A .45 ACP will certainly kill a deer if shot into the heart-lung area, but you may have to track him down, after dark, and unless you are very patient or very experienced, that can be quite difficult. If I had to use a .45 ACP, I would want to be very close, say 10 yards, and have a perfect broadside shot.

Personally, if I intended to handgun hunt, I would want .44 magnum, for it's accuracy and power at longer ranges.


----------



## MLB (Oct 4, 2006)

I wouldn't want to stand downrange either, but I don't understand why someone would want to hunt with a pistol. A rifle or shotgun is so much more useful and effective.


----------



## swampcrawler (Sep 15, 2011)

MLB said:


> I wouldn't want to stand downrange either, but I don't understand why someone would want to hunt with a pistol. A rifle or shotgun is so much more useful and effective.


same reason i hunt with: longbow, muzzleloader (mostly for squirrel) and realy old rifles. sure, i have a simi auto 308, but its just not as much fun. Id much rather let a deer walk because im hunting with a weapon that most people cant/wont than to kill something the same way as every other hunter out there. i know, it dont make much sence, but i just like to be different.

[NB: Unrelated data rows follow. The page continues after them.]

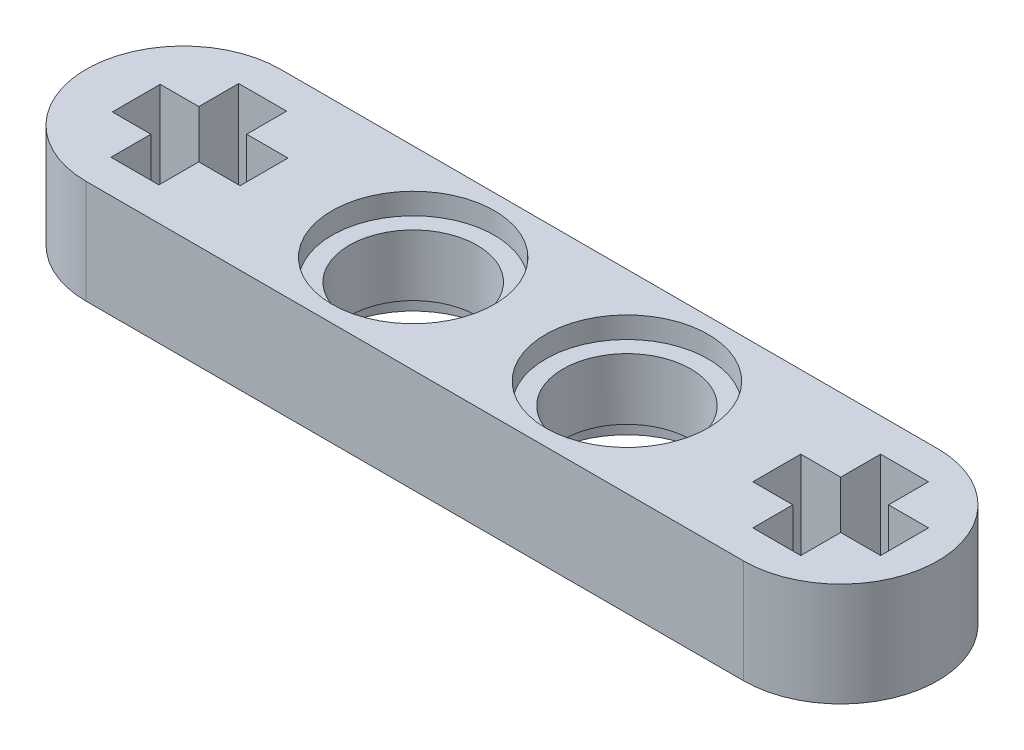
ISO-10303-21;
HEADER;
FILE_DESCRIPTION(('STEP AP214'),'2;1');
FILE_NAME('part.step','',(''),(''),'','','');
FILE_SCHEMA(('AUTOMOTIVE_DESIGN { 1 0 10303 214 1 1 1 1 }'));
ENDSEC;
DATA;
#1=APPLICATION_CONTEXT('core data for automotive mechanical design processes');
#2=APPLICATION_PROTOCOL_DEFINITION('international standard','automotive_design',2000,#1);
#3=PRODUCT_CONTEXT('',#1,'mechanical');
#4=PRODUCT('Part','Part','',(#3));
#5=PRODUCT_RELATED_PRODUCT_CATEGORY('part','',(#4));
#6=PRODUCT_DEFINITION_FORMATION('','',#4);
#7=PRODUCT_DEFINITION_CONTEXT('part definition',#1,'design');
#8=PRODUCT_DEFINITION('design','',#6,#7);
#9=PRODUCT_DEFINITION_SHAPE('','',#8);
#10=(LENGTH_UNIT() NAMED_UNIT(*) SI_UNIT(.MILLI.,.METRE.));
#11=(NAMED_UNIT(*) PLANE_ANGLE_UNIT() SI_UNIT($,.RADIAN.));
#12=(NAMED_UNIT(*) SI_UNIT($,.STERADIAN.) SOLID_ANGLE_UNIT());
#13=UNCERTAINTY_MEASURE_WITH_UNIT(LENGTH_MEASURE(1.E-05),#10,'distance_accuracy_value','');
#14=(GEOMETRIC_REPRESENTATION_CONTEXT(3) GLOBAL_UNCERTAINTY_ASSIGNED_CONTEXT((#13)) GLOBAL_UNIT_ASSIGNED_CONTEXT((#10,
#11,#12)) REPRESENTATION_CONTEXT('',''));
#15=CARTESIAN_POINT('',(0.,0.,0.));
#16=DIRECTION('',(0.,0.,1.));
#17=DIRECTION('',(1.,0.,0.));
#18=AXIS2_PLACEMENT_3D('',#15,#16,#17);
#19=CARTESIAN_POINT('',(-4.045,3.9,-0.0180082217721821));
#20=DIRECTION('',(0.,-1.,0.));
#21=DIRECTION('',(0.,0.,-1.));
#22=AXIS2_PLACEMENT_3D('',#19,#20,#21);
#23=CYLINDRICAL_SURFACE('',#22,2.4);
#24=CARTESIAN_POINT('',(-4.045,3.1,-0.0180082217721821));
#25=DIRECTION('',(0.,1.,0.));
#26=DIRECTION('',(0.,0.,1.));
#27=AXIS2_PLACEMENT_3D('',#24,#25,#26);
#28=CIRCLE('',#27,2.4);
#29=CARTESIAN_POINT('',(-4.045,3.1,2.38199177822782));
#30=VERTEX_POINT('',#29);
#31=EDGE_CURVE('E273',#30,#30,#28,.T.);
#32=ORIENTED_EDGE('',*,*,#31,.T.);
#33=EDGE_LOOP('',(#32));
#34=FACE_BOUND('',#33,.T.);
#35=CARTESIAN_POINT('',(-4.045,0.8,-0.0180082217721821));
#36=DIRECTION('',(0.,-1.,0.));
#37=DIRECTION('',(0.,0.,-1.));
#38=AXIS2_PLACEMENT_3D('',#35,#36,#37);
#39=CIRCLE('',#38,2.4);
#40=CARTESIAN_POINT('',(-4.045,0.8,-2.41800822177218));
#41=VERTEX_POINT('',#40);
#42=EDGE_CURVE('E43',#41,#41,#39,.T.);
#43=ORIENTED_EDGE('',*,*,#42,.T.);
#44=EDGE_LOOP('',(#43));
#45=FACE_BOUND('',#44,.T.);
#46=ADVANCED_FACE('F39',(#34,#45),#23,.F.);
#47=CARTESIAN_POINT('',(3.995,3.9,-0.00827061217611125));
#48=DIRECTION('',(0.,-1.,0.));
#49=DIRECTION('',(0.,0.,-1.));
#50=AXIS2_PLACEMENT_3D('',#47,#48,#49);
#51=CYLINDRICAL_SURFACE('',#50,2.4);
#52=CARTESIAN_POINT('',(3.995,3.1,-0.00827061217611125));
#53=DIRECTION('',(0.,1.,0.));
#54=DIRECTION('',(0.,0.,1.));
#55=AXIS2_PLACEMENT_3D('',#52,#53,#54);
#56=CIRCLE('',#55,2.4);
#57=CARTESIAN_POINT('',(3.995,3.1,2.39172938782389));
#58=VERTEX_POINT('',#57);
#59=EDGE_CURVE('E435',#58,#58,#56,.T.);
#60=ORIENTED_EDGE('',*,*,#59,.T.);
#61=EDGE_LOOP('',(#60));
#62=FACE_BOUND('',#61,.T.);
#63=CARTESIAN_POINT('',(3.995,0.8,-0.00827061217611125));
#64=DIRECTION('',(0.,-1.,0.));
#65=DIRECTION('',(0.,0.,-1.));
#66=AXIS2_PLACEMENT_3D('',#63,#64,#65);
#67=CIRCLE('',#66,2.4);
#68=CARTESIAN_POINT('',(3.995,0.8,-2.40827061217611));
#69=VERTEX_POINT('',#68);
#70=EDGE_CURVE('E440',#69,#69,#67,.T.);
#71=ORIENTED_EDGE('',*,*,#70,.T.);
#72=EDGE_LOOP('',(#71));
#73=FACE_BOUND('',#72,.T.);
#74=ADVANCED_FACE('F475',(#62,#73),#51,.F.);
#75=CARTESIAN_POINT('',(-12.665,3.9,0.));
#76=DIRECTION('',(0.,1.,0.));
#77=DIRECTION('',(0.,0.,1.));
#78=AXIS2_PLACEMENT_3D('',#75,#76,#77);
#79=PLANE('',#78);
#80=CARTESIAN_POINT('',(-4.045,3.9,-0.0180082217721821));
#81=DIRECTION('',(0.,1.,0.));
#82=DIRECTION('',(0.,0.,1.));
#83=AXIS2_PLACEMENT_3D('',#80,#81,#82);
#84=CIRCLE('',#83,3.05);
#85=CARTESIAN_POINT('',(-4.045,3.9,3.03199177822782));
#86=VERTEX_POINT('',#85);
#87=EDGE_CURVE('E463',#86,#86,#84,.T.);
#88=ORIENTED_EDGE('',*,*,#87,.F.);
#89=EDGE_LOOP('',(#88));
#90=FACE_BOUND('',#89,.T.);
#91=CARTESIAN_POINT('',(3.995,3.9,-0.00827061217611125));
#92=DIRECTION('',(0.,1.,0.));
#93=DIRECTION('',(0.,0.,1.));
#94=AXIS2_PLACEMENT_3D('',#91,#92,#93);
#95=CIRCLE('',#94,3.05);
#96=CARTESIAN_POINT('',(3.995,3.9,3.04172938782389));
#97=VERTEX_POINT('',#96);
#98=EDGE_CURVE('E446',#97,#97,#95,.T.);
#99=ORIENTED_EDGE('',*,*,#98,.F.);
#100=EDGE_LOOP('',(#99));
#101=FACE_BOUND('',#100,.T.);
#102=DIRECTION('',(1.,0.,0.));
#103=VECTOR('',#102,1.);
#104=CARTESIAN_POINT('',(-9.63306020227232,3.9,0.898912155858764));
#105=LINE('',#104,#103);
#106=CARTESIAN_POINT('',(-11.1849999999999,3.9,0.898912155858748));
#107=VERTEX_POINT('',#106);
#108=CARTESIAN_POINT('',(-9.63306020227232,3.9,0.898912155858764));
#109=VERTEX_POINT('',#108);
#110=EDGE_CURVE('E234',#107,#109,#105,.T.);
#111=ORIENTED_EDGE('',*,*,#110,.F.);
#112=DIRECTION('',(0.,0.,-1.));
#113=VECTOR('',#112,1.);
#114=CARTESIAN_POINT('',(-11.1849999999999,3.9,0.898912155858748));
#115=LINE('',#114,#113);
#116=CARTESIAN_POINT('',(-11.1849999999999,3.9,2.39891215586455));
#117=VERTEX_POINT('',#116);
#118=EDGE_CURVE('E226',#117,#107,#115,.T.);
#119=ORIENTED_EDGE('',*,*,#118,.F.);
#120=DIRECTION('',(1.,0.,0.));
#121=VECTOR('',#120,1.);
#122=CARTESIAN_POINT('',(-12.9850000000001,3.9,2.39891215586455));
#123=LINE('',#122,#121);
#124=CARTESIAN_POINT('',(-12.9850000000001,3.9,2.39891215586455));
#125=VERTEX_POINT('',#124);
#126=EDGE_CURVE('E270',#125,#117,#123,.T.);
#127=ORIENTED_EDGE('',*,*,#126,.F.);
#128=DIRECTION('',(0.,0.,1.));
#129=VECTOR('',#128,1.);
#130=CARTESIAN_POINT('',(-12.9850000000001,3.9,0.898912155858747));
#131=LINE('',#130,#129);
#132=CARTESIAN_POINT('',(-12.9850000000001,3.9,0.898912155858747));
#133=VERTEX_POINT('',#132);
#134=EDGE_CURVE('E268',#133,#125,#131,.T.);
#135=ORIENTED_EDGE('',*,*,#134,.F.);
#136=DIRECTION('',(1.,0.,0.));
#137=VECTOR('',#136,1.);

down here i hunt mostly in THICK cover, and 90% of the shots down here are over corn feeders at 20 yards. i just dont see much sport in doing that with a high powered scoped rifle. id rather do it my way, no bait, off the ground, and feel like im doing it the right way than make more kills with the super rifle/20 yards/corn combo.

i have no problem with anyones method of hunting, as long as its legal. its just that the norm isnt for me. :smt083


----------



## JBarL (Sep 15, 2011)

Well I for one love to pistol hunt. I use a Uberti 1847 Walker Black powder cap and ball revolver(it can hold up to 60grains of black powder)to hunt feral hogs here Texas. I love it makes it more challenging. as far as a 45acp I personally never used it to hunt but I will certinally have to try it. But I have used my 4 inch Smith&Wesson 357 mag with 158 grain semi jacketed round nose ammo. good luck on the hunting.


----------



## swampcrawler (Sep 15, 2011)

?!??!??!!!?!?! u have a Walker? and you hunt with it!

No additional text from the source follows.